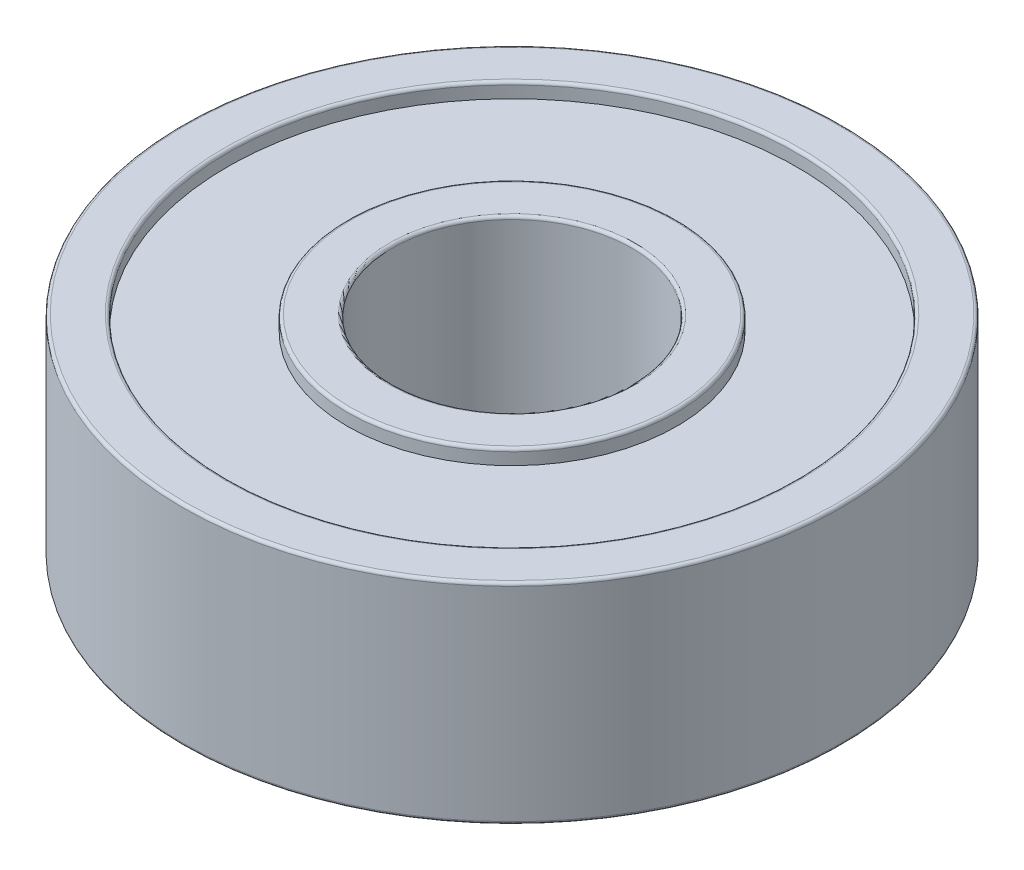
from build123d import *

# Parameters (mm, degrees)
BOSS_EXTRUDE1_DEPTH      = 3.5
BOSS_EXTRUDE1_DEPTH_BACK = 3.5
SKETCH1_R                = 11
SKETCH1_R_2              = 4
SKETCH2_R                = 9.5
SKETCH2_R_2              = 5.5
CUT_EXTRUDE1_DEPTH       = 0.5
FILLET2_R                = 0.1
FILLET3_R                = 0.1


with BuildPart() as part:
    # Sketch1 → Boss-Extrude1 (new, two sides: drawn at the far end of the back side and taken through both)
    with BuildSketch(Plane(origin=(0, 0, 0), x_dir=(1, 0, 0), z_dir=(0, 1, 0)).offset(-BOSS_EXTRUDE1_DEPTH_BACK)):
        with Locations(Location((0, 0, 0), (0, 0, 270))):
            Circle(SKETCH1_R)
        with Locations(Location((0, 0, 0), (0, 0, 270))):
            Circle(SKETCH1_R_2, mode=Mode.SUBTRACT)
    extrude(amount=BOSS_EXTRUDE1_DEPTH + BOSS_EXTRUDE1_DEPTH_BACK)

    # Sketch2 → Cut-Extrude1 (cut)
    with BuildSketch(Plane(origin=(0, 3.5, 0), x_dir=(1, 0, 0), z_dir=(0, 1, 0))):
        with Locations(Location((0, 0, 0), (0, 0, 270))):
            Circle(SKETCH2_R)
        with Locations(Location((0, 0, 0), (0, 0, 270))):
            Circle(SKETCH2_R_2, mode=Mode.SUBTRACT)
    cut_extrude1 = extrude(amount=-CUT_EXTRUDE1_DEPTH, mode=Mode.SUBTRACT)

    # Fillet2
    fillet2_edges = [part.edges().sort_by_distance(p)[0] for p in [
        (0, 3.5, -9.5),
        (0, 3.5, -5.5),
        (0, 3.5, -11),
        (0, 3.5, -4),
    ]]
    fillet(fillet2_edges, radius=FILLET2_R)

    # Mirror4: Cut-Extrude1 across plane
    add(cut_extrude1.mirror(Plane.ZX), mode=Mode.SUBTRACT)

    # Fillet3
    fillet3_edges = [part.edges().sort_by_distance(p)[0] for p in [
        (0, -3.5, -5.5),
        (0, -3.5, -9.5),
        (0, -3.5, -11),
        (0, -3.5, -4),
    ]]
    fillet(fillet3_edges, radius=FILLET3_R)


solid = part.part

+ + + + + + +

| Your goal |
Within the entries above, how many lines contain "SUBTRACT"? Respond with the number only.

| Problem solution |
4